Diese bestehen aus den Ereignissen und der Reaktion der Gesellschaft darauf. Ob z.B. eine bestimmte Person (z.B. ein Politiker) eine gewisse Erfahrung teilt, bedeutet in keiner Weise, dass er oder sie dann auch die gesamte gesellschaftliche Reaktion oder den sozialen Problemkomplex teilt.

 

Diese ganze Widersprüchlichkeit äußerte sich sehr stark in der Wechselwirkung zwischen Mr Trump und seiner Anhängerschaft.

Obwohl ein religiös desinteressierter, nicht gedienter Milliardär ohne politische Referenzen eigentlich kaum irgendwelche sozialen Erfahrungen mit seiner Wählerschaft teilte (außer häufig der Hautfarbe), konnte er eine enorme Masse an Unterstützern und finanzieller Unterstützung mobilisieren und weite Teile der Parteistrukturen in den USA demolieren.

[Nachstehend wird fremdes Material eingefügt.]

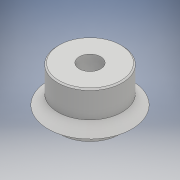
# Autodesk Inventor part: Engrenage_spiro_conique
Saved by Autodesk Inventor 2018 (Build 220112000, 112)
## iProperties
Created: 2019-11-06
Part Number: Engrenage_spiro_conique
Material: Generic
Document SubType Name: Modeling
Designer: hugo
Density: 1 g/cm^3
Appearance: Default
Author: hugo
Autodesk Inventor part; units mm, degrees
ref_plane "YZ Plane" through (0, 0, 0) normal (1, 0, 0) x (0, 1, 0)
ref_plane "XZ Plane" through (0, 0, 0) normal (0, 1, 0) x (-1, 0, 0)
ref_plane "XY Plane" through (0, 0, 0) normal (0, 0, 1) x (1, 0, 0)
sketch "Sketch1" plane through (0, 0, 0) normal (1, 0, 0) x (0, 1, 0)
  line L0 (0, 0) -> (12, 0)
  line L1 (12, 0) -> (12, -10)
  line L2 (12, -10) -> (15.63, -13.63)
  line L3 (15.63, -13.63) -> (11.1401, -17.61)
  line L4 (11.1401, -17.61) -> (9.515, -16)
  line L5 (9.515, -16) -> (0, -16)
  line L6 (0, -16) -> (0, 0)
  dimension "d0" = 12
  dimension "d1" = 10
  dimension "d2" = 15.63
  dimension "d3" = 13.63
  dimension "d4" = 17.61
  dimension "d5" = 6
  dimension "d6" = 9.515
  dimension "d7" = 16
  constraints: 14 end point, 2 horizontal, 2 perpendicular
  measures "d0" distance of L0.start L0.end
  measures "d1" distance of L0.end L1.end
  measures "d2" horizontal distance of L2.end L0.start
  measures "d3" vertical distance of L0.start L2.end
  measures "d4" vertical distance of L0.start L3.end
  measures "d5" distance of L2.end L3.end
  measures "d6" distance of L4.end L5.end
  measures "d7" distance between parallel lines of L0 L5
revolve "Revolution1" add sketch "Sketch1" angle 360 about axis through (0, 0, -16) along (0, 0, 1)
chamfer "Chamfer1" distance 0.5 angle 45 1 edges at (0, -12, 0)
sketch "Sketch2" plane through (0, 0, -16) normal (0, 0, -1) x (-1, 0, 0)
  circle A0 centre (0, 0) radius 4
  dimension "d12" = 8
  constraints: 1 centre point, 1 coincident
  measures "d12" diameter of A0
extrude "Extrusion1" cut sketch "Sketch2" against normal up to next
equation "\"d0\" = 0.5 * Be"
equation "\"d1\" = He"
equation "\"d2\" = 0.5 * De"
equation "\"d3\" = Ge"
equation "\"d4\" = Fe"
equation "\"d5\" = Je"
equation "\"d6\" = 0.5 * Ke"
equation "\"d7\" = Le"
equation "\"d12\" = Ae"
equation "\"Ae\" = 8"
equation "\"Be\" = 24"
equation "\"De\" = 31.26"
equation "\"Ee\" = 28"
equation "\"Fe\" = 17.61"
equation "\"Ge\" = 13.63"
equation "\"He\" = 10"
equation "\"Je\" = 6"
equation "\"Ke\" = 19.03"
equation "\"Le\" = 16"
body "Solid1"
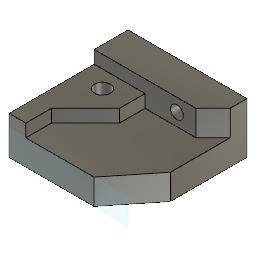
Task1 3C 1 v1 (Autodesk Fusion 360 design; units mm, degrees)
Autodesk Fusion 360 part; units mm, degrees
sketch "Sketch1" plane through (0, 0, 0) normal (0, 0, 1) x (1, 0, 0) in component "box"
  line L0 (70, 70) -> (-70, 70)
  line L1 (-70, 70) -> (-70, -70)
  line L2 (-70, -70) -> (70, -70)
  line L3 (70, -70) -> (70, 70)
  line L4 (70, 70) -> (-70, -70) construction
  line L5 (-70, 70) -> (70, -70) construction
  dimension "d1" = 140
  constraint horizontal L0
  constraint perpendicular L0 L1
  constraint parallel L0 L2
  constraint parallel L1 L3
  constraint coincident L4 origin
  constraint coincident L5 origin
  measures "d1" distance of L1.end L2.end
extrude "Extrude1" add sketch "Sketch1" along normal blind 30 in component "box"
sketch "Sketch2" plane through (0, -70, 0) normal (0, -1, 0) x (1, 0, 0) in component "box"
  line L0 (-70, 0) -> (70, 0)
  line L1 (70, 0) -> (70, 30)
  line L2 (70, 30) -> (-70, 30)
  line L3 (-70, 30) -> (-70, 0)
sketch "Sketch3" plane through (0, 0, 30) normal (0, 0, 1) x (-1, 0, 0) in component "box"
  line L0 (-70, 70) -> (-70, -70)
  line L1 (-70, -70) -> (70, -70)
  line L2 (70, -70) -> (70, 70)
  line L3 (70, 70) -> (-70, 70)
  line L4 (-70, 20) -> (-30, 70)
  line L5 (-30, 70) -> (-70, 70)
  line L6 (-70, 20) -> (-70, 70)
  constraint coincident L0 L4.start
  constraint coincident L3 L4.end
  constraint coincident L0.start L3.end
extrude "Extrude2" cut sketch "Sketch3" against normal up to surface (30 mm away) contours L0 L3 L4 L5 L6 in component "box"
sketch "Sketch4" plane through (0, 0, 30) normal (0, 0, 1) x (-1, 0, 0) in component "box"
  line L0 (-30, 70) -> (-70, 20)
  line L1 (-70, 20) -> (-70, -70)
  line L2 (-70, -70) -> (70, -70)
  line L3 (70, -70) -> (70, 70)
  line L4 (70, 70) -> (-30, 70)
  line L5 (-70, -30) -> (70, -30)
  line L6 (70, -30) -> (70, -70)
  line L7 (70, -70) -> (-70, -70)
  line L8 (-70, -70) -> (-70, -30)
  line L9 (-70, -30) -> (70, -70) construction
  line L10 (70, -30) -> (-70, -70) construction
  point P0 (0, -50)
  constraint horizontal L5
  constraint perpendicular L5 L6
  constraint parallel L5 L7
  constraint parallel L6 L8
  constraint coincident L9 P0
  constraint coincident L10 P0
extrude "Extrude3" add sketch "Sketch4" along normal blind 30 contours L1 L2 L3 L5 L6 L7 L8 in component "box"
sketch "Sketch5" plane through (0, 0, 30) normal (0, 0, 1) x (-1, 0, 0) in component "box"
  line L0 (-70, -30) -> (70, -30)
  line L1 (70, -30) -> (70, 70)
  line L2 (70, 70) -> (-30, 70)
  line L3 (-30, 70) -> (-70, 20)
  line L4 (-70, 20) -> (-70, -30)
  line L5 (10, -30) -> (70, -30)
  line L6 (70, -30) -> (70, 70)
  line L7 (70, 70) -> (10, 70)
  line L8 (10, 70) -> (10, -30)
  line L9 (10, -30) -> (70, 70) construction
  line L10 (70, -30) -> (10, 70) construction
  point P0 (40, 20)
  constraint horizontal L5
  constraint perpendicular L5 L6
  constraint parallel L5 L7
  constraint parallel L6 L8
  constraint coincident L9 P0
  constraint coincident L10 P0
  constraint coincident L0 L5.start
extrude "Extrude4" add sketch "Sketch5" along normal blind 15 contours L0 L1 L2 L5 L6 L7 L8 in component "box"
sketch "Sketch6" plane through (0, 0, 45) normal (0, 0, 1) x (-1, 0, 0) in component "box"
  line L0 (10, 70) -> (10, -30)
  line L1 (10, -30) -> (70, -30)
  line L2 (70, -30) -> (70, 70)
  line L3 (70, 70) -> (10, 70)
  line L4 (50, 70) -> (50, 40)
  line L5 (50, 40) -> (10, 0)
  line L6 (10, 70) -> (50, 70)
  constraint coincident L3 L4.start
  constraint perpendicular L3 L4
  constraint coincident L0 L5.end
  constraint coincident L0.start L3.end
extrude "Extrude5" cut sketch "Sketch6" against normal blind 15 contours L0 L3 L4 L5 L6 in component "box"
sketch "Sketch7" plane through (0, 0, 60) normal (0, 0, 1) x (-1, 0, 0) in component "box"
  line L0 (-70, -70) -> (70, -70)
  line L1 (70, -70) -> (70, -30)
  line L2 (70, -30) -> (-70, -30)
  line L3 (-70, -30) -> (-70, -70)
  line L4 (-70, -50) -> (-50, -30)
  line L5 (-70, -30) -> (-70, -50)
  constraint midpoint L3 L4.start
  constraint coincident L2 L4.end
  constraint coincident L2.end L3.start
extrude "Extrude6" cut sketch "Sketch7" against normal blind 30 contours L2 L3 L4 L5 in component "box"
sketch "Sketch8" plane through (0, 0, 45) normal (0, 0, 1) x (-1, 0, 0) in component "box"
  line L0 (50, 40) -> (10, 0)
  line L1 (10, 0) -> (10, -30)
  line L2 (10, -30) -> (70, -30)
  line L3 (70, -30) -> (70, 70)
  line L4 (70, 70) -> (50, 70)
  line L5 (50, 70) -> (50, 40)
  circle A0 centre (40, -10) radius 9.3121
extrude "Extrude7" cut sketch "Sketch8" against normal blind 45 contours A0 in component "box"
sketch "Sketch9" plane through (0, 30, 0) normal (0, -1, 0) x (1, 0, 0) in component "box"
  line L0 (50, 30) -> (50, 60)
  line L1 (50, 60) -> (-70, 60)
  line L2 (-70, 60) -> (-70, 45)
  line L3 (-70, 45) -> (-10, 45)
  line L4 (-10, 45) -> (-10, 30)
  line L5 (-10, 30) -> (50, 30)
  circle A0 centre (27.54, 44.8379) radius 7.5144
extrude "Extrude8" cut sketch "Sketch9" against normal blind 40 contours A0 in component "box"
component "box" placed x (1, 0, 0) y (0, 1, 0) z (0, 0, 1) at (0, 0, 0)
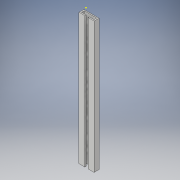
# Autodesk Inventor part: crossbowtrack
Saved by Autodesk Inventor 2018 (Build 220112000, 112)
## iProperties
Created: 2019-02-25
Part Number: crossbowtrack
Material: Generic
Document SubType Name: Modeling
Designer: F8PLTW
Density: 1 g/cm^3
Appearance: Default
Author: F8PLTW
Autodesk Inventor part; units mm, degrees
ref_plane "YZ Plane" through (0, 0, 0) normal (1, 0, 0) x (0, 1, 0)
ref_plane "XZ Plane" through (0, 0, 0) normal (0, 1, 0) x (-1, 0, 0)
ref_plane "XY Plane" through (0, 0, 0) normal (0, 0, 1) x (1, 0, 0)
sketch "Sketch1" plane through (0, 0, 0) normal (0, 0, 1) x (1, 0, 0)
  line L0 (-15.9487, -92.7565) -> (47.5513, -92.7565)
  line L1 (47.5513, -92.7565) -> (47.5513, -346.7565)
  line L2 (47.5513, -346.7565) -> (-15.9487, -346.7565)
  line L3 (-15.9487, -346.7565) -> (-15.9487, -92.7565)
  point P0 (0, 0)
  dimension "d0" = 63.5
  dimension "d2" = 254
  constraints: 8 end point, 2 parallel, 1 horizontal, 1 perpendicular
  measures "d0" distance of L1.end L2.end
  measures "d2" distance of L0.end L1.end
extrude "Extrusion1" add sketch "Sketch1" along normal blind 19.05
sketch "Sketch2" plane through (-15.9487, -92.7565, 0) normal (0, 1, 0) x (1, 0, 0)
  point P0 (15.9487, 0)
sketch "Sketch3" plane through (-15.9487, -92.7565, 0) normal (0, 1, 0) x (1, 0, 0)
  line L0 (63.5, -19.05) -> (0, -19.05) projected
  line L1 (34.925, -19.05) -> (28.575, -19.05)
  line L2 (28.575, -19.05) -> (28.575, -12.0642)
  line L3 (34.925, -12.0642) -> (34.925, -19.05)
  line L4 (31.75, -19.05) -> (31.75, 0) construction
  line L5 (63.5, 0) -> (63.5, -19.05) projected
  line L6 (28.575, -12.0642) -> (19.685, -12.0642)
  line L7 (19.685, -12.0642) -> (19.685, -6.9842)
  line L8 (19.685, -6.9842) -> (28.575, -6.9842)
  line L9 (34.925, -12.0642) -> (43.815, -12.0642)
  line L10 (43.815, -12.0642) -> (43.815, -6.9842)
  line L11 (43.815, -6.9842) -> (34.925, -6.9842)
  line L12 (34.925, -6.9842) -> (28.575, -6.9842)
  point P0 (15.9487, 0)
  dimension "d6" = 31.75
  dimension "d7" = 8.89
  dimension "d8" = 5.08
  dimension "d9" = 8.89
  constraints: 22 end point, 4 horizontal, 4 perpendicular, 3 parallel, 2 point on line, 1 midpoint, 1 other
  measures "d6" distance between parallel lines of L5 L4
  measures "d7" distance of L7.end L8.end
  measures "d8" distance of L6.end L7.end
  measures "d9" distance of L11.end L10.end
extrude "Extrusion2" cut sketch "Sketch3" against normal blind 254
sketch "Sketch4" plane through (-15.9487, -92.7565, 0) normal (0, 1, 0) x (1, 0, 0)
  line L0 (63.5, 0) -> (63.5, -19.05) projected
  line L1 (63.5, 0) -> (46.4201, 0)
  line L2 (46.4201, 0) -> (46.4201, -19.05)
  line L3 (46.4201, -19.05) -> (63.5, -19.05)
  line L4 (63.5, -19.05) -> (63.5, 0)
  line L5 (63.5, 0) -> (0, 0) projected
  line L6 (31.75, 0) -> (31.75, -19.05) construction
  line L7 (0, 0) -> (0, -19.05)
  line L8 (0, 0) -> (17.0799, 0)
  line L9 (17.0799, 0) -> (17.0799, -19.05)
  line L10 (0, -19.05) -> (17.0799, -19.05)
  point P0 (15.9487, 0)
  constraints: 18 end point, 3 symmetric about line, 2 horizontal, 2 parallel, 1 midpoint, 1 perpendicular, 1 vertical
extrude "Extrusion3" cut sketch "Sketch4" against normal blind 254
sketch "Sketch5" plane through (3.7363, -92.7565, 6.9842) normal (0, 1, 0) x (1, 0, 0)
  line L0 (-2.6051, 6.9842) -> (-2.6051, -12.0658) projected
  line L1 (26.7351, 6.9842) -> (26.7351, -12.0658) projected
  line L2 (-2.6051, 6.9842) -> (26.7351, 6.9842)
  line L3 (26.7351, 6.9842) -> (26.7351, 2.1306)
  line L4 (26.7351, 2.1306) -> (-2.6051, 2.1306)
  line L5 (-2.6051, 2.1306) -> (-2.6051, 6.9842)
  point P0 (-3.7363, 6.9842)
  constraints: 8 end point, 2 parallel, 1 horizontal, 1 perpendicular, 1 point on line
extrude "Extrusion4" cut sketch "Sketch5" against normal blind 254
sketch "Sketch6" plane through (3.7363, -92.7565, 6.9842) normal (0, 1, 0) x (1, 0, 0)
  line L0 (-2.6051, -12.0658) -> (-2.6051, 2.1306) projected
  line L1 (26.7351, 2.1306) -> (26.7351, -12.0658) projected
  line L2 (-2.6051, -12.0658) -> (26.7351, -12.0658)
  line L3 (26.7351, -12.0658) -> (26.7351, -7.5248)
  line L4 (26.7351, -7.5248) -> (-2.6051, -7.5248)
  line L5 (-2.6051, -7.5248) -> (-2.6051, -12.0658)
  point P0 (-3.7363, 6.9842)
  constraints: 8 end point, 2 parallel, 1 horizontal, 1 perpendicular, 1 point on line
extrude "Extrusion5" cut sketch "Sketch6" against normal blind 254
body "Solid1"

Einfach, weil er quasi empiriefrei den Glauben verbreitete, er und seine Wähler teilten ein bestimmtes emotionales Verständnis vom politischen Zustand der USA.

 

Vielleicht wird an diesem Beitrag deutlich, warum meiner Meinung nach „Empathie“ mindestens ein sehr ambivalentes politisches Instrument ist, das dringend zugunsten von Ratio und Professionalität zurückgedrängt hört. Mir graust vor populistischen Führern, ich will, dass meine Interessen gemäß ihrer sozialen Gewichtung wahrgenommen werden, und Politiker vor diesem Hintergrund reale Probleme und deren Lösungen identifizieren.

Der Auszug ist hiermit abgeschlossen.